Work to be completed
Report how many lines in the records hold the string "that"; give the number and nothing else.

Provided information
• • • • • • •
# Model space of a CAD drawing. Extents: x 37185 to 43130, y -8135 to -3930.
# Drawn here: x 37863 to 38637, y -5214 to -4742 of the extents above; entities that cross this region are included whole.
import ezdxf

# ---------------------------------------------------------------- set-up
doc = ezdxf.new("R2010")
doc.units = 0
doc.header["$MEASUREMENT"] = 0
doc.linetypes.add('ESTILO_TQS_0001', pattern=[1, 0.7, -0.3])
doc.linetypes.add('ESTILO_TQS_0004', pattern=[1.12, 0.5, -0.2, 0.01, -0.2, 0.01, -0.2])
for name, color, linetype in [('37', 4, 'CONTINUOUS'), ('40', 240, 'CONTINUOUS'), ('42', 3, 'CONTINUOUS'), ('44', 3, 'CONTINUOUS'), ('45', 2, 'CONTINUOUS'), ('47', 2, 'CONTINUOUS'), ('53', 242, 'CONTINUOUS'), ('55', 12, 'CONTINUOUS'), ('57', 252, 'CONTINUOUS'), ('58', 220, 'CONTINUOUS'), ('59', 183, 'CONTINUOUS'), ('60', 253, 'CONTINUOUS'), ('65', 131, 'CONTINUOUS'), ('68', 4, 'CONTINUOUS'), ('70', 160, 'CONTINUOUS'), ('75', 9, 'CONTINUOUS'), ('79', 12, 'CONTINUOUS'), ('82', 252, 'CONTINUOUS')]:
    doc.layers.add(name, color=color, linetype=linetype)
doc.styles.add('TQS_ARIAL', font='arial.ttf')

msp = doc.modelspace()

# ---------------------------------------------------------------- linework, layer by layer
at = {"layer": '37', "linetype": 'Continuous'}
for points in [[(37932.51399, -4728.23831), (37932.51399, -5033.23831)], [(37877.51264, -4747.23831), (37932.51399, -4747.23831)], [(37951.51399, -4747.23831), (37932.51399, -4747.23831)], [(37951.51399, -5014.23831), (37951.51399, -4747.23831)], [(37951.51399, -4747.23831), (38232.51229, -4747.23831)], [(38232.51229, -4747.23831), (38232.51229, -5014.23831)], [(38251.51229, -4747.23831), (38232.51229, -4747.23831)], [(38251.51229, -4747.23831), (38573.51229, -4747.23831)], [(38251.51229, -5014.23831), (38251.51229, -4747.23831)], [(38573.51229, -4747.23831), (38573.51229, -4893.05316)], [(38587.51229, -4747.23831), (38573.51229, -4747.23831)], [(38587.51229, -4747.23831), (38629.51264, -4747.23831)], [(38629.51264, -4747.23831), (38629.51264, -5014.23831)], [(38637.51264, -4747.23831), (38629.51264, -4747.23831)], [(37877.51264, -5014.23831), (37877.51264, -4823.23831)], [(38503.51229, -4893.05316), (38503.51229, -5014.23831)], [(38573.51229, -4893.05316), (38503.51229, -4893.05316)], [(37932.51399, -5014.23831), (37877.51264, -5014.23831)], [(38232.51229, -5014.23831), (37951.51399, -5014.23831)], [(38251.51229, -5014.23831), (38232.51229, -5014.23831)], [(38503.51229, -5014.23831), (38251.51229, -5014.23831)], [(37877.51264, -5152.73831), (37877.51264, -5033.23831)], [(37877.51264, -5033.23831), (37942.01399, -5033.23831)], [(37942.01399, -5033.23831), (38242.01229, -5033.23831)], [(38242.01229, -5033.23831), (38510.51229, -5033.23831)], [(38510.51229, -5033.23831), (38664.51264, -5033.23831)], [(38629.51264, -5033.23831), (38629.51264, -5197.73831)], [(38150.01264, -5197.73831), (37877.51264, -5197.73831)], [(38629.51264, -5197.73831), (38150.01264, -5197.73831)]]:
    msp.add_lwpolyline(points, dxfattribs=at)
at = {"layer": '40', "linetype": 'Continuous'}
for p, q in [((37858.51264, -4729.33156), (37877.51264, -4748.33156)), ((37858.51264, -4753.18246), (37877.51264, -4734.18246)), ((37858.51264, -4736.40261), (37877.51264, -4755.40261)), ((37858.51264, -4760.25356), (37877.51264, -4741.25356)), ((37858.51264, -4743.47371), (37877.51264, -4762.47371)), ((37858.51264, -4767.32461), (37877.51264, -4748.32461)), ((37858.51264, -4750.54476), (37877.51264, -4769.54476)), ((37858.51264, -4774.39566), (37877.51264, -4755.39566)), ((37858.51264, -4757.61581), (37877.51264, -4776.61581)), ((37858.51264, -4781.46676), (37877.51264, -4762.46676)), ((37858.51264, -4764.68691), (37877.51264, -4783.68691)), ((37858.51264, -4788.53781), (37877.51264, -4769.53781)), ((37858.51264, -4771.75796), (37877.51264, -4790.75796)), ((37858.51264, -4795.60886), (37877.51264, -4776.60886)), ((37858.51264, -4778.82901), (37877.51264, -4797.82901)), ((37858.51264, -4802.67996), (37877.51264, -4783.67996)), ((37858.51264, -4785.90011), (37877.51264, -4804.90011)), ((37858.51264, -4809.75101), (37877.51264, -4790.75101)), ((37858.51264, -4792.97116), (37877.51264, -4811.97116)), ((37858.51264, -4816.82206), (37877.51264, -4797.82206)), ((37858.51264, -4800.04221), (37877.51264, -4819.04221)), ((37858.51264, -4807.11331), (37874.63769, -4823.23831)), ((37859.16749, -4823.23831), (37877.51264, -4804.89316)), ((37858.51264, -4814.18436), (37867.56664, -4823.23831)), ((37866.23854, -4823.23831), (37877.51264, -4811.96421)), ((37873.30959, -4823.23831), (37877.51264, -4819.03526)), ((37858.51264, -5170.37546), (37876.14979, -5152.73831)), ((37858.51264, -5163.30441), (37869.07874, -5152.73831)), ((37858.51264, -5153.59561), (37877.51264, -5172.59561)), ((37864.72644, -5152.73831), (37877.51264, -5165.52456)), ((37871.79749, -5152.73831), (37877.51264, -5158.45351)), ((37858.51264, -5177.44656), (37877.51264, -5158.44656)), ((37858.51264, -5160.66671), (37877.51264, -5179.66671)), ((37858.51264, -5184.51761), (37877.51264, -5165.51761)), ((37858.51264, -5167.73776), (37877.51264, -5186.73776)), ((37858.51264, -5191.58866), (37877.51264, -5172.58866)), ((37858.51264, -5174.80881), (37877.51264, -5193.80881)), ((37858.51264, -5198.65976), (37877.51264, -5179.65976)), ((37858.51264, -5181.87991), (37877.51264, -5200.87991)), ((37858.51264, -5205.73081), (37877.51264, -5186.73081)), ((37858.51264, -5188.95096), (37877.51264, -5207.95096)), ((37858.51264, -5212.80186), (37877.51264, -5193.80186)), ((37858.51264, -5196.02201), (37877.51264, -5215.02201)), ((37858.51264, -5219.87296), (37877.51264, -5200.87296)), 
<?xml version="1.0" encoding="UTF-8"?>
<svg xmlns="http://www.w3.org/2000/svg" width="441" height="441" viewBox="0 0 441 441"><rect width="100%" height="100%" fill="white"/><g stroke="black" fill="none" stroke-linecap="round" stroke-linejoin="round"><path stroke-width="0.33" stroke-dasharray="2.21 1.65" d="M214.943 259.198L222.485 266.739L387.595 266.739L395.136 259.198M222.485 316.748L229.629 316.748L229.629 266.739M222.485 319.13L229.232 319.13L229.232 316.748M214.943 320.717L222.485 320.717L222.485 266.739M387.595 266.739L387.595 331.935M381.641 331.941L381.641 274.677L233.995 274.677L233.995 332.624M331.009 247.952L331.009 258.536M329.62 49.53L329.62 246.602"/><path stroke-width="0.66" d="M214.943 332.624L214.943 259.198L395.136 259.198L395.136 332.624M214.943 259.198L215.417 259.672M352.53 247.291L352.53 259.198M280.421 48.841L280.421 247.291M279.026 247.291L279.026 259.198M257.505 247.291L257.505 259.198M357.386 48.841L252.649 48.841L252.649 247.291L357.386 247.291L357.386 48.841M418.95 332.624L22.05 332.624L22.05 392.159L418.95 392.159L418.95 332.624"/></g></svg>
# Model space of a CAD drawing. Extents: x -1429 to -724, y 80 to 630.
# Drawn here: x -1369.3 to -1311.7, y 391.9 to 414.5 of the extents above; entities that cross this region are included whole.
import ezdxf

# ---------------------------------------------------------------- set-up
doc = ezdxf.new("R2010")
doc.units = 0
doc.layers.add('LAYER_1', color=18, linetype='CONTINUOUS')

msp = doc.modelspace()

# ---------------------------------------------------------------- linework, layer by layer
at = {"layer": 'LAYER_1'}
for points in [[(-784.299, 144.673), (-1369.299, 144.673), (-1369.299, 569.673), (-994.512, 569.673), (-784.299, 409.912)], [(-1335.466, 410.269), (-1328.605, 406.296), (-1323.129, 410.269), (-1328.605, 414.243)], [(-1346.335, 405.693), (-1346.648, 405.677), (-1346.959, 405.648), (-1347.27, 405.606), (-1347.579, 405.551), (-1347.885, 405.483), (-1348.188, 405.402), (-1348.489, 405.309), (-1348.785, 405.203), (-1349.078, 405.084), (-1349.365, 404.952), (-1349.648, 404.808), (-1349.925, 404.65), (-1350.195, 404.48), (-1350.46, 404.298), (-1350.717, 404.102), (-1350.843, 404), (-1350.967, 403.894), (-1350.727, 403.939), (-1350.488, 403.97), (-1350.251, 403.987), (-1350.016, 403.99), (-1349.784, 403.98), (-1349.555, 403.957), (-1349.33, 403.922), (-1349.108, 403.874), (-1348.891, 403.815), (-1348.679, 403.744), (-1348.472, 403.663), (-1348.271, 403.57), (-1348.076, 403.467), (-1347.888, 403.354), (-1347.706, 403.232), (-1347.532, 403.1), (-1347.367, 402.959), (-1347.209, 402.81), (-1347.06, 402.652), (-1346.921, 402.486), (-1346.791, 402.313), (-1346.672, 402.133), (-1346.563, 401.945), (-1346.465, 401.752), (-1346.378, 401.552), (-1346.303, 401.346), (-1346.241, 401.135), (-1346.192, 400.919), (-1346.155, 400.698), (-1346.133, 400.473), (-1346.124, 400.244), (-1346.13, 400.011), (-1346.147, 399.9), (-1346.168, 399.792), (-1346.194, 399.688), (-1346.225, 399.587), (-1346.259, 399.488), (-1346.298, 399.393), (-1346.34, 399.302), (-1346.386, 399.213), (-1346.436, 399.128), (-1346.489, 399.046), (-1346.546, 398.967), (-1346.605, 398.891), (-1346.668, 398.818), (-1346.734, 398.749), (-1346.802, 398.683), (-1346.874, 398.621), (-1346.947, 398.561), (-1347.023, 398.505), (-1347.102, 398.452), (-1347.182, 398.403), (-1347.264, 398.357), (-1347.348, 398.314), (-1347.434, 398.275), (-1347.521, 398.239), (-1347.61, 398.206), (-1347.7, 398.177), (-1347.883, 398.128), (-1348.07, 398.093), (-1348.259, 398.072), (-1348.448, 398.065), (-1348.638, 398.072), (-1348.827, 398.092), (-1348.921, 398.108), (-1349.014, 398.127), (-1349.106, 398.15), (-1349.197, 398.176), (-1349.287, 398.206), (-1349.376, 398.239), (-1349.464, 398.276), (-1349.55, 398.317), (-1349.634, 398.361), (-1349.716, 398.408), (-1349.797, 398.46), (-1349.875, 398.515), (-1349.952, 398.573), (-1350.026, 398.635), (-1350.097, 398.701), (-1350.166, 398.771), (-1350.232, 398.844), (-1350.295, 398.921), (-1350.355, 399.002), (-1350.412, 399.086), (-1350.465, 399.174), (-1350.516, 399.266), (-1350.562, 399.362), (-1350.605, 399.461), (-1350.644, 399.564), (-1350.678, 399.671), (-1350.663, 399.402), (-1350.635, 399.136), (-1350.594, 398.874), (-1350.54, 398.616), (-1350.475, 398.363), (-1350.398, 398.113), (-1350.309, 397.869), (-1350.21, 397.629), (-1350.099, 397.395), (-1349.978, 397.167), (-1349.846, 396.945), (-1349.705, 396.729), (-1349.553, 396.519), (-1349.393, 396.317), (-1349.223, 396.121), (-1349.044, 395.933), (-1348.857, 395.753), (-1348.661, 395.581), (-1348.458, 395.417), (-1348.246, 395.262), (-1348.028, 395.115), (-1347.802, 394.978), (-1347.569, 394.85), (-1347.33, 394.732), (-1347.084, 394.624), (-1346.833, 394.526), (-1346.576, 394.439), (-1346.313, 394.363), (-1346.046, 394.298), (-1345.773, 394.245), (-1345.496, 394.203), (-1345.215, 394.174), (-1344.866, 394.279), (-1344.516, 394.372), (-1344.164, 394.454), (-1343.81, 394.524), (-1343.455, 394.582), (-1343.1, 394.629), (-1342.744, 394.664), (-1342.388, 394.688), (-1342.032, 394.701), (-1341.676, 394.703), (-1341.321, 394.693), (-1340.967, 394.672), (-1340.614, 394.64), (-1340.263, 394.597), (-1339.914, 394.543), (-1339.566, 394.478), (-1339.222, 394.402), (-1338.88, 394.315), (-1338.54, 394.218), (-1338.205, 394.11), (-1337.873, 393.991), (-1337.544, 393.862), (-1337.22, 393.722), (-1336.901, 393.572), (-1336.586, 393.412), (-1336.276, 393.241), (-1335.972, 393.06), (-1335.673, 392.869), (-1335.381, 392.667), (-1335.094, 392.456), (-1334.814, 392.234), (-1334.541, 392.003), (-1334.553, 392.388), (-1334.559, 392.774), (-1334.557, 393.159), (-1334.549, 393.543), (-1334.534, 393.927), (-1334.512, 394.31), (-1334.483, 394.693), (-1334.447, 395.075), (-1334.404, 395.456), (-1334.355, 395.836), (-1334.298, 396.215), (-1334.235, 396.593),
• • • • • • •
Task output
2